Task requirements
Check each line of the data below for the word "sysd", then extract the ones that have it.

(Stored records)
+ + + + + + +
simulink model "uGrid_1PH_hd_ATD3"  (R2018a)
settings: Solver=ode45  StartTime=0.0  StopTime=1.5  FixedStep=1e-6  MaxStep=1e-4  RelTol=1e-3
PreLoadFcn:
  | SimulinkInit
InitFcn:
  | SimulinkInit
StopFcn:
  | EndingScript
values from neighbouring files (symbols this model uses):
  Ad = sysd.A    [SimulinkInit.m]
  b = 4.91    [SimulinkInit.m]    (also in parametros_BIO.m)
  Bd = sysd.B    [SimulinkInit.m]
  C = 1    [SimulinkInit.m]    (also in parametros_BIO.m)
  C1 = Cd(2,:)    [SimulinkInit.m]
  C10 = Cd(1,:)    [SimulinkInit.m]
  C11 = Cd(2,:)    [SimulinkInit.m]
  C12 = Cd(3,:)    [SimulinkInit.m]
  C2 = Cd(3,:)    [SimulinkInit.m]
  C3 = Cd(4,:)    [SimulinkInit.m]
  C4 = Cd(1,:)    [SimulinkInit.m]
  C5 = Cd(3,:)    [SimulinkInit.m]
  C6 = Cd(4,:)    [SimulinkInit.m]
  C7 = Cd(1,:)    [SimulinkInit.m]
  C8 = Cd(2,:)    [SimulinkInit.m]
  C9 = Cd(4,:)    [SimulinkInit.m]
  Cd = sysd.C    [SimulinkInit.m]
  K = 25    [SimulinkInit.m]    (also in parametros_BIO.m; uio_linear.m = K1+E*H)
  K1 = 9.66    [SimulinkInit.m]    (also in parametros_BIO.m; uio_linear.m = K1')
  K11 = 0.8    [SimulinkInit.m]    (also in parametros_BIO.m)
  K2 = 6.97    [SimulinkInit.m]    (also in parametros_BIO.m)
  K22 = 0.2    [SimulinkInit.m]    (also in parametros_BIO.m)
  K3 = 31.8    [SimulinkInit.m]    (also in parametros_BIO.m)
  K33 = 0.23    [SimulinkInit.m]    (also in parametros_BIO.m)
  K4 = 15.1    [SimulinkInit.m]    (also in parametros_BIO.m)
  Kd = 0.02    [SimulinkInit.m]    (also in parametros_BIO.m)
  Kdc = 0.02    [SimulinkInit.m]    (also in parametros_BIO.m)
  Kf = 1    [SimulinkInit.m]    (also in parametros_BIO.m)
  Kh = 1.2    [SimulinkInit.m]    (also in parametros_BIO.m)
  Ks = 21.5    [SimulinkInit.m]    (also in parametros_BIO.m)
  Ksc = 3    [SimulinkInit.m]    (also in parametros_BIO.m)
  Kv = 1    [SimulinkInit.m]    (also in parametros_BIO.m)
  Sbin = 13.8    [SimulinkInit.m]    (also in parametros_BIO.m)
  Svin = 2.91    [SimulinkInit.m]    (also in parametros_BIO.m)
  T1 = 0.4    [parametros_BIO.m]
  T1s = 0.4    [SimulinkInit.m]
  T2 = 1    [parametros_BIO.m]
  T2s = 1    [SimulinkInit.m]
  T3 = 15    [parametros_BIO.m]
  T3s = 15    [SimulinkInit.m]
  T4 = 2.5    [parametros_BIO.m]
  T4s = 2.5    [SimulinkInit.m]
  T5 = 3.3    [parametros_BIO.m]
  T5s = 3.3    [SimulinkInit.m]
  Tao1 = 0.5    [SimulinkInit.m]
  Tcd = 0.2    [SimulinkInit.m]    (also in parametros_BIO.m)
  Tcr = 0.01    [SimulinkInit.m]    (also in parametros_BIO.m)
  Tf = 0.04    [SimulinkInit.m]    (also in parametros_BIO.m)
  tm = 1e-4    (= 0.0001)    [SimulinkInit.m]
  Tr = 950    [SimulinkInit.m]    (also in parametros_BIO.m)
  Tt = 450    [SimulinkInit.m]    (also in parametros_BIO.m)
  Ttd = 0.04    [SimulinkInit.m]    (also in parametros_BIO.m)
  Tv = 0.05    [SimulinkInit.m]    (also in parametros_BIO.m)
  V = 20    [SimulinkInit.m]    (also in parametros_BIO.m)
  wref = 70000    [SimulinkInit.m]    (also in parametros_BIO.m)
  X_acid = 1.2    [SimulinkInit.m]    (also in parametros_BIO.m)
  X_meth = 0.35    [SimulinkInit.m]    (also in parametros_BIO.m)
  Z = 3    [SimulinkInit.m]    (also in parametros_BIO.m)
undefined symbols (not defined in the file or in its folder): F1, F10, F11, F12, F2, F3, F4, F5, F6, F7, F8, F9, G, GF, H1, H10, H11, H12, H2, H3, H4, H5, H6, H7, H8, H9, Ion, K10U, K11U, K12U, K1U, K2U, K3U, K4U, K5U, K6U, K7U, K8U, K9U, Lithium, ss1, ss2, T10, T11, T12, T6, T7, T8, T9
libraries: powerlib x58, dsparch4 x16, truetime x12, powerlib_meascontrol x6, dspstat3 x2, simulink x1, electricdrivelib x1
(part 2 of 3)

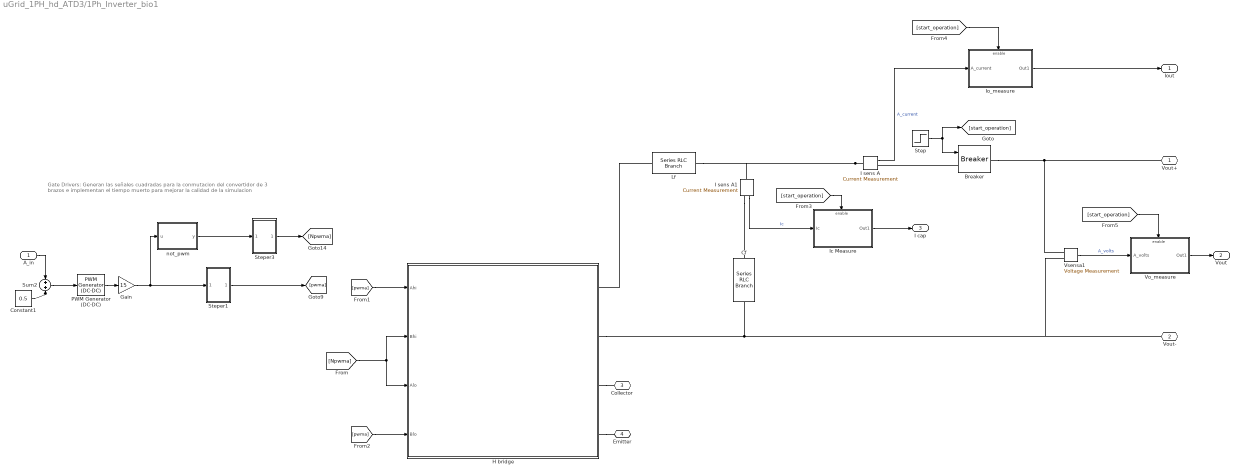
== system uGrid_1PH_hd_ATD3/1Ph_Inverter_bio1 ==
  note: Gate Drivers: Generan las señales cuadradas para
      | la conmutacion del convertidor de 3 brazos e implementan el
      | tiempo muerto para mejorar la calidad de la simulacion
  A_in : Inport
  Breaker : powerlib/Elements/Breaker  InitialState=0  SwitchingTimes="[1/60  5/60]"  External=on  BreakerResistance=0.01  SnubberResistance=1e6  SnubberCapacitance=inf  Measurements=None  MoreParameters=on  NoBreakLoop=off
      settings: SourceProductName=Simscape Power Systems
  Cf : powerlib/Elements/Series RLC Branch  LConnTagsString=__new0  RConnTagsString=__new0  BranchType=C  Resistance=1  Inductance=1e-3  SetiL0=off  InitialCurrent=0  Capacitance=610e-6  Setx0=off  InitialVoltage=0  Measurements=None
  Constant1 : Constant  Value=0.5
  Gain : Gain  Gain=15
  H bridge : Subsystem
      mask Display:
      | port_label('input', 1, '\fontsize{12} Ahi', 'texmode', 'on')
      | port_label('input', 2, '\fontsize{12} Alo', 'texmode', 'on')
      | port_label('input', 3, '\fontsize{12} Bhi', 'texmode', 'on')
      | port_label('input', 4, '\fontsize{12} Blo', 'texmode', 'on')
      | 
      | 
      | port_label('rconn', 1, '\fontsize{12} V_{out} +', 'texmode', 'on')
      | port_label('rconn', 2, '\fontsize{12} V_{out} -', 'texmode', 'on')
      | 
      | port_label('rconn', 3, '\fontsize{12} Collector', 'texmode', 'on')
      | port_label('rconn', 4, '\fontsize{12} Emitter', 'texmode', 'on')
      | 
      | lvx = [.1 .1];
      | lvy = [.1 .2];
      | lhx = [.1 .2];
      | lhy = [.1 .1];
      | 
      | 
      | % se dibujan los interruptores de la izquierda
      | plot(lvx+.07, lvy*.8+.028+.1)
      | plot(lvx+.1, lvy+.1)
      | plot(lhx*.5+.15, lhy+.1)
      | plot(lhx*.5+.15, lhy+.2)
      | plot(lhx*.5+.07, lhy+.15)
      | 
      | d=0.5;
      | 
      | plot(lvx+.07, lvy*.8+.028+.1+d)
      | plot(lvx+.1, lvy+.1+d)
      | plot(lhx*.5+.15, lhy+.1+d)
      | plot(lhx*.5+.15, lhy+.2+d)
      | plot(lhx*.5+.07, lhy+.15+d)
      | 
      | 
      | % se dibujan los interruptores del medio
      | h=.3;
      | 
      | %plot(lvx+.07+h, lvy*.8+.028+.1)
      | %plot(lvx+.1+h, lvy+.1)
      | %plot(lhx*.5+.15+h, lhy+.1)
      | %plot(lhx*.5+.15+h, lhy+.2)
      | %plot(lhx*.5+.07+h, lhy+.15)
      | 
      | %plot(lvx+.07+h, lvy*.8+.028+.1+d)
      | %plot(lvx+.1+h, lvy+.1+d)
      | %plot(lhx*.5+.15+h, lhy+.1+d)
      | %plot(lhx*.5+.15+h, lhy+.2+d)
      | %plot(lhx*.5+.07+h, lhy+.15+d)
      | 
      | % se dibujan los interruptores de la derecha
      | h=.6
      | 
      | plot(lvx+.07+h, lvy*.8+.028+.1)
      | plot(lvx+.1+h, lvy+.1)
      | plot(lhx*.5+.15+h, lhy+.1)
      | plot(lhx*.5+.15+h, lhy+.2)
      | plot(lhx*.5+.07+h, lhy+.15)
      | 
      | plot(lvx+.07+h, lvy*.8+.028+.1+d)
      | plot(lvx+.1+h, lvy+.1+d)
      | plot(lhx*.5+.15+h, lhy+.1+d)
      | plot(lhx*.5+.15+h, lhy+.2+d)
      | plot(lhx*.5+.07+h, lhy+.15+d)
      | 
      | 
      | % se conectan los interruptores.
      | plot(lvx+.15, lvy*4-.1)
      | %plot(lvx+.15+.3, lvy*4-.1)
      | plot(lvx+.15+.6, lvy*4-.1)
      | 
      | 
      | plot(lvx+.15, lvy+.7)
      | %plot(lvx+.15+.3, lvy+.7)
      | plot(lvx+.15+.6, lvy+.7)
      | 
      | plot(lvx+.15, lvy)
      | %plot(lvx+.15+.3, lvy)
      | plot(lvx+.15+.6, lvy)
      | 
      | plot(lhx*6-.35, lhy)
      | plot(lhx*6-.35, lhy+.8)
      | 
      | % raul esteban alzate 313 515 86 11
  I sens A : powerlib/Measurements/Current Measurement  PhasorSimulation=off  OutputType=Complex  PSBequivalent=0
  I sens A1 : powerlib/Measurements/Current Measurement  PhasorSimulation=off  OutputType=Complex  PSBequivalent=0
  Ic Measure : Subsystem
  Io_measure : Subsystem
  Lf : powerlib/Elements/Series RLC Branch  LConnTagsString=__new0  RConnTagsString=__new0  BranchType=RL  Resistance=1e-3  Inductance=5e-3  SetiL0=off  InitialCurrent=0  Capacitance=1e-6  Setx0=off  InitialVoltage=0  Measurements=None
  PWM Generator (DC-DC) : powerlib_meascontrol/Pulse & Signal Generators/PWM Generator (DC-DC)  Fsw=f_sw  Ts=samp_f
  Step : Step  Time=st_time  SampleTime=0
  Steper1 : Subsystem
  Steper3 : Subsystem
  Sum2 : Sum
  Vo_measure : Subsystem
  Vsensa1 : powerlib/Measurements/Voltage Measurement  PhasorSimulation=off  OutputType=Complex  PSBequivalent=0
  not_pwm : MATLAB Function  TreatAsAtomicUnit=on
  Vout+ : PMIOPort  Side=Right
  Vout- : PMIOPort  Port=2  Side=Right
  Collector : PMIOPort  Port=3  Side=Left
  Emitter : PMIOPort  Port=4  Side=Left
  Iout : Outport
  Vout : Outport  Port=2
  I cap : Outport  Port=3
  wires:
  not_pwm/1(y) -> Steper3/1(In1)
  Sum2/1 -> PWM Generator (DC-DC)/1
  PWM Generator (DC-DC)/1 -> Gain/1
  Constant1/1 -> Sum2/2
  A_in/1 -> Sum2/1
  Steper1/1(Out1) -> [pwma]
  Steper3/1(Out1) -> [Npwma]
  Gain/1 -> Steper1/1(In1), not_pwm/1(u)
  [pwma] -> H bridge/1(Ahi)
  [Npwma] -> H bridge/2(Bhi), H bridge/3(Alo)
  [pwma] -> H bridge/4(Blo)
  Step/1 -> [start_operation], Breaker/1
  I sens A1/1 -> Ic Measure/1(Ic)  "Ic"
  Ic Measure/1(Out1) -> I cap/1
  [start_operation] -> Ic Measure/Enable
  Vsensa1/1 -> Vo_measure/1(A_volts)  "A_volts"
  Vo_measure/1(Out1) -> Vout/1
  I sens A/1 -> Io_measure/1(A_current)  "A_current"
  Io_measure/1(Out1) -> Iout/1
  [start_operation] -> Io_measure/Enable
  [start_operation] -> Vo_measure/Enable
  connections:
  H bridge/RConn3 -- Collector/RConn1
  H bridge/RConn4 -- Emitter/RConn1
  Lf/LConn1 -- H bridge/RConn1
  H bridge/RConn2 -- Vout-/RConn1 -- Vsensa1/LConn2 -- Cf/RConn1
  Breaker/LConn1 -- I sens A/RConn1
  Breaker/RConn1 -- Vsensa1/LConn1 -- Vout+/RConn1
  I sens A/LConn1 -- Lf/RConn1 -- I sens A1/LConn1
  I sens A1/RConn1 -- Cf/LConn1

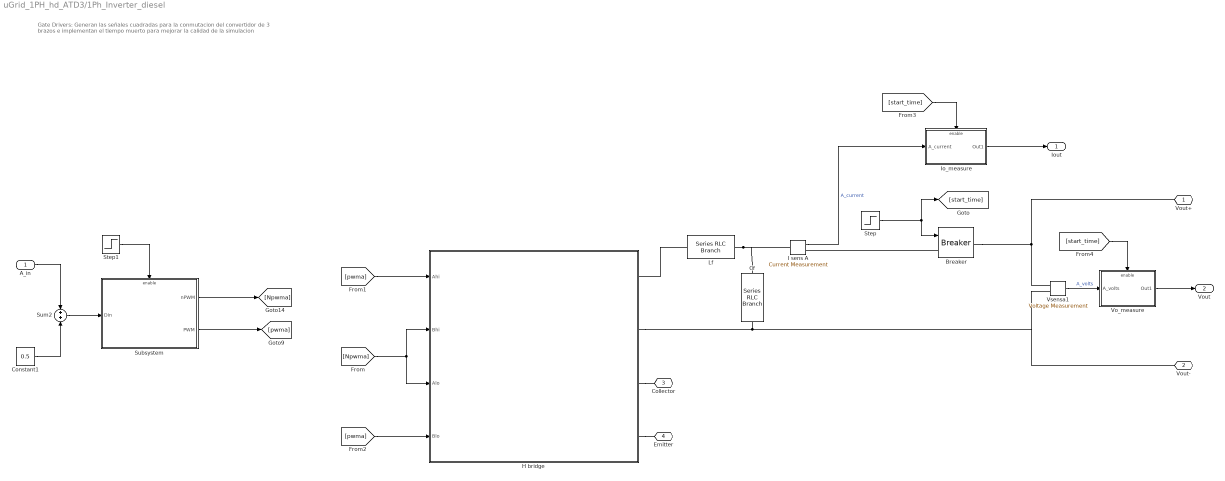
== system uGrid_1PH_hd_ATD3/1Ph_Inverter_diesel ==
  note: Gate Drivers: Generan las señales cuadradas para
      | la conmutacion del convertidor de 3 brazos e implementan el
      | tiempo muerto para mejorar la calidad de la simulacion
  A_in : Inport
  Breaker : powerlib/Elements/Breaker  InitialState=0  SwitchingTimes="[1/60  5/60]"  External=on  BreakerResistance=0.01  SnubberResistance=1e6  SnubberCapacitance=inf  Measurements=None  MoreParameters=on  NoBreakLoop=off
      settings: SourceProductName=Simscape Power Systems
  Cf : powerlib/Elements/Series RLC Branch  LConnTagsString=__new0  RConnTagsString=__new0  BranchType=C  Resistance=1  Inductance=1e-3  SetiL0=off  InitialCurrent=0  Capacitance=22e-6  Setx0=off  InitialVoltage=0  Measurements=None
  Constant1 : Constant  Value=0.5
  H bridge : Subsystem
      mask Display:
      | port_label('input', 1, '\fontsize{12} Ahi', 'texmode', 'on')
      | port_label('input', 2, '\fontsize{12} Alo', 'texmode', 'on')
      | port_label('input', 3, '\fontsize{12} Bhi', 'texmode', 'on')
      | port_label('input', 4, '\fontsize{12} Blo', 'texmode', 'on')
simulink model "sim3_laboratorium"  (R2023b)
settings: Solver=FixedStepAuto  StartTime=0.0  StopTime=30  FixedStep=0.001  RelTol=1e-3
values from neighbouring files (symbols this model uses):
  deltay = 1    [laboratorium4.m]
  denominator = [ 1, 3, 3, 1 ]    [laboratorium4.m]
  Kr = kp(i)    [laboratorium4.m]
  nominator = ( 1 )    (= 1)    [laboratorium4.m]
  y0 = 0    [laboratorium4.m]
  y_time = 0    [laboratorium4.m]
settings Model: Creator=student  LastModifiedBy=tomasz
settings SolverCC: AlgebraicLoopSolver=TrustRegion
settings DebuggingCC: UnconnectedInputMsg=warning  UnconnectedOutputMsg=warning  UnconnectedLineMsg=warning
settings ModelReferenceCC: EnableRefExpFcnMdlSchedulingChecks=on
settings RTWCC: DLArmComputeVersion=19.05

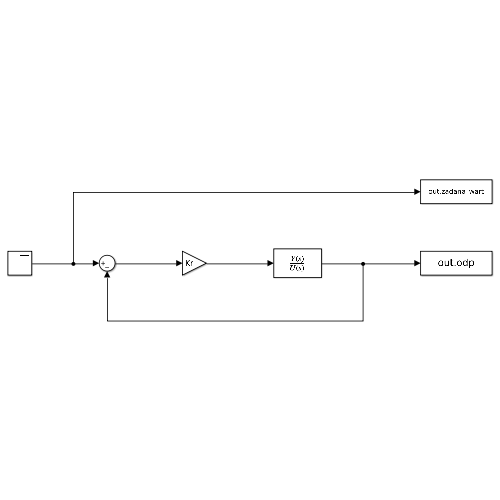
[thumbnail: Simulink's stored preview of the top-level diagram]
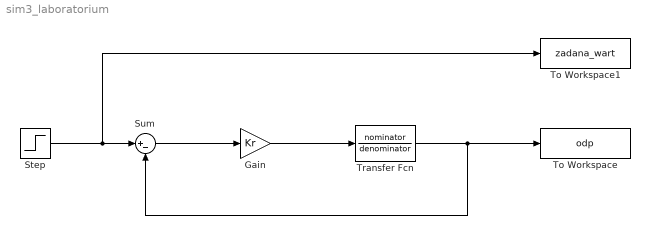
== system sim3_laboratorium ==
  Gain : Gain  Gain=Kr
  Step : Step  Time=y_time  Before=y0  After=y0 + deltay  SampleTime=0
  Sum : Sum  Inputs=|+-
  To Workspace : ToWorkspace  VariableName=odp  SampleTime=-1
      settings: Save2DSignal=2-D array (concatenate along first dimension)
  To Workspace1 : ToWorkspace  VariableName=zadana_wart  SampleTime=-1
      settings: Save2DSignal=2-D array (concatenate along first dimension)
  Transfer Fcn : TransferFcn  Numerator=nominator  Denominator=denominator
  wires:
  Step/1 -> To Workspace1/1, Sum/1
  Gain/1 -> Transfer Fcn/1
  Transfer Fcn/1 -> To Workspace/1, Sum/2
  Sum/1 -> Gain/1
+ + + + + + +
Reply
  Ad = sysd.A    [SimulinkInit.m]
  Bd = sysd.B    [SimulinkInit.m]
  Cd = sysd.C    [SimulinkInit.m]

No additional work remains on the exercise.